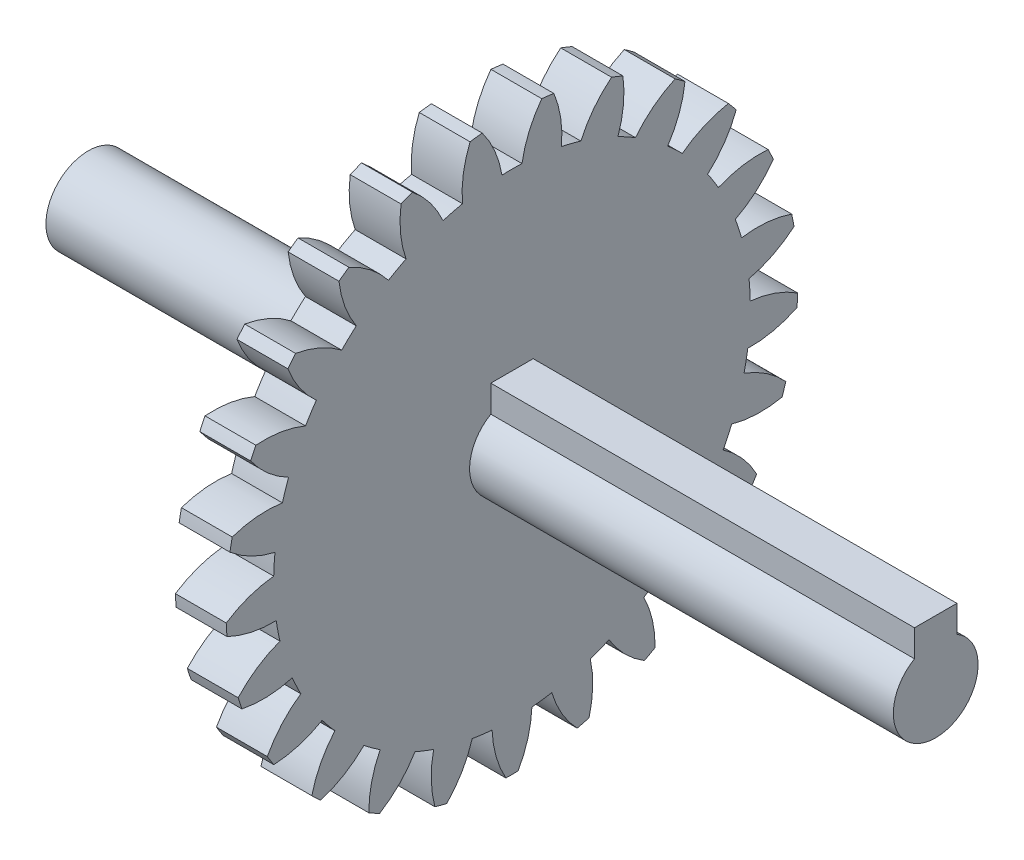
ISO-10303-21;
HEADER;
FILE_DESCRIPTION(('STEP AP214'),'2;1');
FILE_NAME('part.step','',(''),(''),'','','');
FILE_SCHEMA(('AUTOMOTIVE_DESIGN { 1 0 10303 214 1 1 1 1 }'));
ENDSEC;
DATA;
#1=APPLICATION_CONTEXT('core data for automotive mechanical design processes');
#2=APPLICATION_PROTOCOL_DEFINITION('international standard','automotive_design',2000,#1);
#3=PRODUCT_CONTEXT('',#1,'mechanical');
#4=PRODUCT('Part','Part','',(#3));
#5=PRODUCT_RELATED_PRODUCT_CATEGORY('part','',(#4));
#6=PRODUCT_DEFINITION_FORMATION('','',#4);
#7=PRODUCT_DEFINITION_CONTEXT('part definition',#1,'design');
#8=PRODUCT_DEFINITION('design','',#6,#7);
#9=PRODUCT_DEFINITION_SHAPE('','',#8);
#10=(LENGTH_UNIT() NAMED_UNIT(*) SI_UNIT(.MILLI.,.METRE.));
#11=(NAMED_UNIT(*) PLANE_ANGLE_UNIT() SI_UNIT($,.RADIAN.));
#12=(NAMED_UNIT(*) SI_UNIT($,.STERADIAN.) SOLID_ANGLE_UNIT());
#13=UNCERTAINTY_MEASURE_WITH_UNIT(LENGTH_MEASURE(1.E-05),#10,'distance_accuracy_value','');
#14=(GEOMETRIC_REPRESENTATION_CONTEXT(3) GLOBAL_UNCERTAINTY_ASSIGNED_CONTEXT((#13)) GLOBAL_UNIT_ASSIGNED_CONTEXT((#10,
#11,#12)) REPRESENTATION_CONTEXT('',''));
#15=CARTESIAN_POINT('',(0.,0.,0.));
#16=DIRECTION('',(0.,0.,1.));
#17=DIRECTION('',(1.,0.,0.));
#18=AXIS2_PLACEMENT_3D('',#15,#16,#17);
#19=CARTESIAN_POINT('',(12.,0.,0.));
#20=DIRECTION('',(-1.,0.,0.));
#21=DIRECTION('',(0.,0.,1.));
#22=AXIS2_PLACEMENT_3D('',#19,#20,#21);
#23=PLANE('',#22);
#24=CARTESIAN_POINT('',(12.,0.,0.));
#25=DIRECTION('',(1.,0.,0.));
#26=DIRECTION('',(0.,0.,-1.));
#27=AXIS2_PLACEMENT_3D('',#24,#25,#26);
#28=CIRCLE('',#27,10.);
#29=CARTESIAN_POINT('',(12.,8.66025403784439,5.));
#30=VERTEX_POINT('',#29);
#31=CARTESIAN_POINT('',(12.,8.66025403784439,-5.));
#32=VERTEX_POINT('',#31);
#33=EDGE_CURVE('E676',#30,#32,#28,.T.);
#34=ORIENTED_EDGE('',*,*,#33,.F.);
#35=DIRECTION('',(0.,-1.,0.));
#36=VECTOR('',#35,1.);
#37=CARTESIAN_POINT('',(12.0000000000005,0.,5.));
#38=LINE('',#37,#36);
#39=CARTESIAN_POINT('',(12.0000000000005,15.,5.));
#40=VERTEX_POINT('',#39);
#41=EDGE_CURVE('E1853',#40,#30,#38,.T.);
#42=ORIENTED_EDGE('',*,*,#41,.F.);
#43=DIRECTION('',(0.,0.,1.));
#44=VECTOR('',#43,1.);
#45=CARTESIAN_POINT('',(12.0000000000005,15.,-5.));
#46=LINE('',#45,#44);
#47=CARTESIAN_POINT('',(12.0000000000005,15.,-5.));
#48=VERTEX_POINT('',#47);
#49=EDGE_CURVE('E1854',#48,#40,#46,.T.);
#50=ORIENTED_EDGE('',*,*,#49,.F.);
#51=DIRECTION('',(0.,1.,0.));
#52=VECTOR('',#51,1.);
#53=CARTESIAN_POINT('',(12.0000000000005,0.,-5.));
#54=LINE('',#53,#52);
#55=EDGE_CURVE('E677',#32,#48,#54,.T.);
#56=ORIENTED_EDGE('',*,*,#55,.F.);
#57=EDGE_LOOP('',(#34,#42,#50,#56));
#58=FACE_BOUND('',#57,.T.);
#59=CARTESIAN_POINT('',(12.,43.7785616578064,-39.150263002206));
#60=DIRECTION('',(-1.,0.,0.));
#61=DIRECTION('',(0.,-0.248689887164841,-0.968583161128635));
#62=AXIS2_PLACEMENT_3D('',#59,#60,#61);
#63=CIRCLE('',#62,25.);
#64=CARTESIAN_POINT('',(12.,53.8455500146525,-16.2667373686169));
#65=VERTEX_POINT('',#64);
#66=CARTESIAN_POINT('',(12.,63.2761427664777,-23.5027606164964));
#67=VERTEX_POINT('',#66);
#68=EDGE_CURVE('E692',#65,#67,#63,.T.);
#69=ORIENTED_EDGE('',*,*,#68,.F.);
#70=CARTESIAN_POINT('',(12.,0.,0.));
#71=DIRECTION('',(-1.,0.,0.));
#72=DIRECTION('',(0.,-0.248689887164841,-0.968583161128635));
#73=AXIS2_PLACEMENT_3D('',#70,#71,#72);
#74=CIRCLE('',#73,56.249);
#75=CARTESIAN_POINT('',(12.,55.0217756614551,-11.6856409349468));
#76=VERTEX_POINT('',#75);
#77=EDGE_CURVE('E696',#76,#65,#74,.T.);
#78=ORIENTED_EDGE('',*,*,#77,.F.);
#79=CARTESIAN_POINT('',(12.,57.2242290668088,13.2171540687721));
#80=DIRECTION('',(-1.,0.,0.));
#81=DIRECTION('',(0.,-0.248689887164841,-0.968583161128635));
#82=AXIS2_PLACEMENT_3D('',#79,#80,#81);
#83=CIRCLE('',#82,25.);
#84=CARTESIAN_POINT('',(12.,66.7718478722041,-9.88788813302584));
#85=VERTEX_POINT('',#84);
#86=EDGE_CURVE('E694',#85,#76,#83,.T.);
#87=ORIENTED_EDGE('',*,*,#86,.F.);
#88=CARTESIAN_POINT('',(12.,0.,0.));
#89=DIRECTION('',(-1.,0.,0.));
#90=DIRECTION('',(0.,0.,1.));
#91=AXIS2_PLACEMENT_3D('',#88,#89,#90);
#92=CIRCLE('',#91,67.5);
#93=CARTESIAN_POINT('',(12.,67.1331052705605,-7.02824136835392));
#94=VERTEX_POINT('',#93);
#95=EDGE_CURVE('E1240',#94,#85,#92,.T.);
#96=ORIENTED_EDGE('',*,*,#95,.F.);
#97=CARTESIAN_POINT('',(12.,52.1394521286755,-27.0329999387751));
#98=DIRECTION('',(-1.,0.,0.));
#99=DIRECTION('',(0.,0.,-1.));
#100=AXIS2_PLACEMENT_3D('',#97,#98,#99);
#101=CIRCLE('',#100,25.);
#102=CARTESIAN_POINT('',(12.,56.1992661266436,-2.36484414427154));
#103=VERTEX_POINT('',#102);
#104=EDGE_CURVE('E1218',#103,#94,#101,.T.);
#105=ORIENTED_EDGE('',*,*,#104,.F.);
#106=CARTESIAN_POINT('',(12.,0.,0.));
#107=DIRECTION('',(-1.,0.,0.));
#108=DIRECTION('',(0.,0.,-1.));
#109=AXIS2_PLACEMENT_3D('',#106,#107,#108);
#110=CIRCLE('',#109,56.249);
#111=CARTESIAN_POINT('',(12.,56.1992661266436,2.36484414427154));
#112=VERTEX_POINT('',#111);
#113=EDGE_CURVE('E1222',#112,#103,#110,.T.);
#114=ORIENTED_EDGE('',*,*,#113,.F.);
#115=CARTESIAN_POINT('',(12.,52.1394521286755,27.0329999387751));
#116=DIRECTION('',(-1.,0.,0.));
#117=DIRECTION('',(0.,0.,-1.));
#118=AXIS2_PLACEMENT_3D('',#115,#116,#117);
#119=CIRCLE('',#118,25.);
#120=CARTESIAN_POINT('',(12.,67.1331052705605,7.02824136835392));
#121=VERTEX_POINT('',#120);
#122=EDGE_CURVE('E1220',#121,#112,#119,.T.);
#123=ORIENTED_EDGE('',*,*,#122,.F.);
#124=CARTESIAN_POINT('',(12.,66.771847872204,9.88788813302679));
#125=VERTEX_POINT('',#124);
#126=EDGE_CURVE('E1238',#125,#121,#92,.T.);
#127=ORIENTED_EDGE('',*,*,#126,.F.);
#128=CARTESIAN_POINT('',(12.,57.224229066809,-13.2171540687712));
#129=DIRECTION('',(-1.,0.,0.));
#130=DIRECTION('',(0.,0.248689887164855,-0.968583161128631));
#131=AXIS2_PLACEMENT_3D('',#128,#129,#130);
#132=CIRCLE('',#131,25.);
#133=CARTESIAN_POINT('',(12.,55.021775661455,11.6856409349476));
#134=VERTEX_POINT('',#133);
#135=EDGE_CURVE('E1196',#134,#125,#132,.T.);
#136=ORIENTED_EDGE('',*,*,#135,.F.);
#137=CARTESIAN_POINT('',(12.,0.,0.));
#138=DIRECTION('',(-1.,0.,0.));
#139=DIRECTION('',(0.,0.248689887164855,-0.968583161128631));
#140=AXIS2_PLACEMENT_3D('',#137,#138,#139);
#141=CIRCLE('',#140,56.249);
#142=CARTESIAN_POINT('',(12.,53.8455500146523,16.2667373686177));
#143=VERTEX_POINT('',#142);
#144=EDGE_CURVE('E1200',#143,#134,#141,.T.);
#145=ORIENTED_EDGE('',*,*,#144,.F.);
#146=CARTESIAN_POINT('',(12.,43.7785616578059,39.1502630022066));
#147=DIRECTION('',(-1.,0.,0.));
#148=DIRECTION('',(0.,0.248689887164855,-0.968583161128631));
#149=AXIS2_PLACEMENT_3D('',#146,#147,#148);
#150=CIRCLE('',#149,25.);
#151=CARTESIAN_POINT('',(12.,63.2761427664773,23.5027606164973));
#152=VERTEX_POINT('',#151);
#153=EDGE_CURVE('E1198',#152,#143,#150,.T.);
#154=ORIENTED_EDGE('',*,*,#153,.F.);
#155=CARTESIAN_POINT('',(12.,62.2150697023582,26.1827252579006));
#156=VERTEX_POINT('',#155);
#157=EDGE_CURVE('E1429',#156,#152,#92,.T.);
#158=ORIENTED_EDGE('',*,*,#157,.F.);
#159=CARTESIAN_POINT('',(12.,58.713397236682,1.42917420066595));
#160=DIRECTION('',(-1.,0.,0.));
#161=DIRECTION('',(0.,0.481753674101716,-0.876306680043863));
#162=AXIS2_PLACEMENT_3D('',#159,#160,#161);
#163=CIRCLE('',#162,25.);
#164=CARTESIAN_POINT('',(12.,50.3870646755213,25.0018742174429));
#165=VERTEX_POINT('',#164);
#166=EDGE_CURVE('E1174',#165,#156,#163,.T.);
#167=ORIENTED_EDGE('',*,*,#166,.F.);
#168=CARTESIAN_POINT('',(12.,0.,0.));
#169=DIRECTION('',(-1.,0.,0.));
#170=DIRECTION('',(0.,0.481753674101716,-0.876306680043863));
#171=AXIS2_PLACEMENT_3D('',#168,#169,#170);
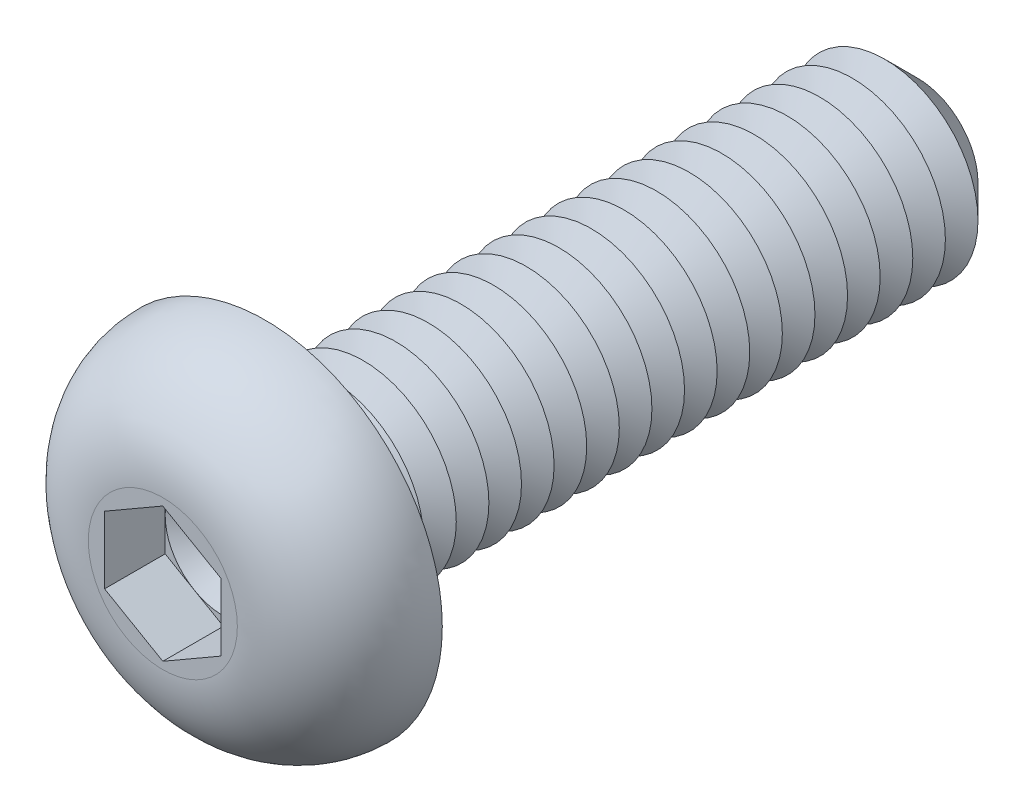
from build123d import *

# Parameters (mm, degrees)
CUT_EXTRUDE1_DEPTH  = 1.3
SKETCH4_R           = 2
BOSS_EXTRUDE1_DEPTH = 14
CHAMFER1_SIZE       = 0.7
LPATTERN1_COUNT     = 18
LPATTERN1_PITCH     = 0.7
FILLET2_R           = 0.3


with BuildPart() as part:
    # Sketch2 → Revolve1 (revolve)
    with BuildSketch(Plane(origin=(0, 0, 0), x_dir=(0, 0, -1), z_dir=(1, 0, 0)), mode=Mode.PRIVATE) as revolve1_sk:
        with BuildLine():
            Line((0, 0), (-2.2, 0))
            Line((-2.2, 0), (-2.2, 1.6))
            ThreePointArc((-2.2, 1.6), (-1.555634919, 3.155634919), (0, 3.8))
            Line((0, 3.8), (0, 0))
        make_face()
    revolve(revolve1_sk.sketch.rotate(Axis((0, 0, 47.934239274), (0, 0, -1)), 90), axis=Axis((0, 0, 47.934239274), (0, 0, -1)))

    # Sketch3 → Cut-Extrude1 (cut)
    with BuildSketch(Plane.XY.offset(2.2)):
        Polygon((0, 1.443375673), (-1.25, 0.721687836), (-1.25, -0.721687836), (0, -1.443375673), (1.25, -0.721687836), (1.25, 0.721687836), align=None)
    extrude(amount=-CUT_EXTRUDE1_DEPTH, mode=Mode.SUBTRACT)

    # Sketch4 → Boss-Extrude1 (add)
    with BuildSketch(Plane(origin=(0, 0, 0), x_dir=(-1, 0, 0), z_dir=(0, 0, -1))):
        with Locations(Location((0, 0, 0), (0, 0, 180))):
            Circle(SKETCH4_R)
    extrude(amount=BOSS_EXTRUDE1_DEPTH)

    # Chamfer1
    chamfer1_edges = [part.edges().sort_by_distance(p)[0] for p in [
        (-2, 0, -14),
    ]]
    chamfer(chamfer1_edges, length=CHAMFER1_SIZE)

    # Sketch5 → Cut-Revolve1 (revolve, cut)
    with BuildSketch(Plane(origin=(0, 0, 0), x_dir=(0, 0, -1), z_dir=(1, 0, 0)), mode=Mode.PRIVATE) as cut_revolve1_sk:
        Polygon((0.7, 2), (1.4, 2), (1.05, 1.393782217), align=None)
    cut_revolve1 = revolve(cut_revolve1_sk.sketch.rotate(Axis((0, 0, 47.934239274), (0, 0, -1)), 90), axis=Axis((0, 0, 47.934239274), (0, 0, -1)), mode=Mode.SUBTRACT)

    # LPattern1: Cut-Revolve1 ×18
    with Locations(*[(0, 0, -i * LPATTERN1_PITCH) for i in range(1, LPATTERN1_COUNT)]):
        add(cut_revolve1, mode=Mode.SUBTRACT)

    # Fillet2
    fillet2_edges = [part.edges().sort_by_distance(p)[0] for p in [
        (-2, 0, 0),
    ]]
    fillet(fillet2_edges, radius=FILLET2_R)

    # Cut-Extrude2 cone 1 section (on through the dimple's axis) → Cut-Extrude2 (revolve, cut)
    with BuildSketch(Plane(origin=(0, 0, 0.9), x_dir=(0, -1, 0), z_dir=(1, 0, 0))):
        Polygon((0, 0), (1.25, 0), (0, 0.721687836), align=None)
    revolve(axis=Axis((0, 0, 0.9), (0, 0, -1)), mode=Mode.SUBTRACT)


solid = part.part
==================================================
Give again exactly the lines running from the beginning of the material above through the line that contains "#10=(LENGTH_UNIT() NAMED_UNIT(*) SI_UNIT(.MILLI.,.METRE.));", and leave out every picture.

ISO-10303-21;
HEADER;
FILE_DESCRIPTION(('STEP AP214'),'2;1');
FILE_NAME('part.step','',(''),(''),'','','');
FILE_SCHEMA(('AUTOMOTIVE_DESIGN { 1 0 10303 214 1 1 1 1 }'));
ENDSEC;
DATA;
#1=APPLICATION_CONTEXT('core data for automotive mechanical design processes');
#2=APPLICATION_PROTOCOL_DEFINITION('international standard','automotive_design',2000,#1);
#3=PRODUCT_CONTEXT('',#1,'mechanical');
#4=PRODUCT('Part','Part','',(#3));
#5=PRODUCT_RELATED_PRODUCT_CATEGORY('part','',(#4));
#6=PRODUCT_DEFINITION_FORMATION('','',#4);
#7=PRODUCT_DEFINITION_CONTEXT('part definition',#1,'design');
#8=PRODUCT_DEFINITION('design','',#6,#7);
#9=PRODUCT_DEFINITION_SHAPE('','',#8);
#10=(LENGTH_UNIT() NAMED_UNIT(*) SI_UNIT(.MILLI.,.METRE.));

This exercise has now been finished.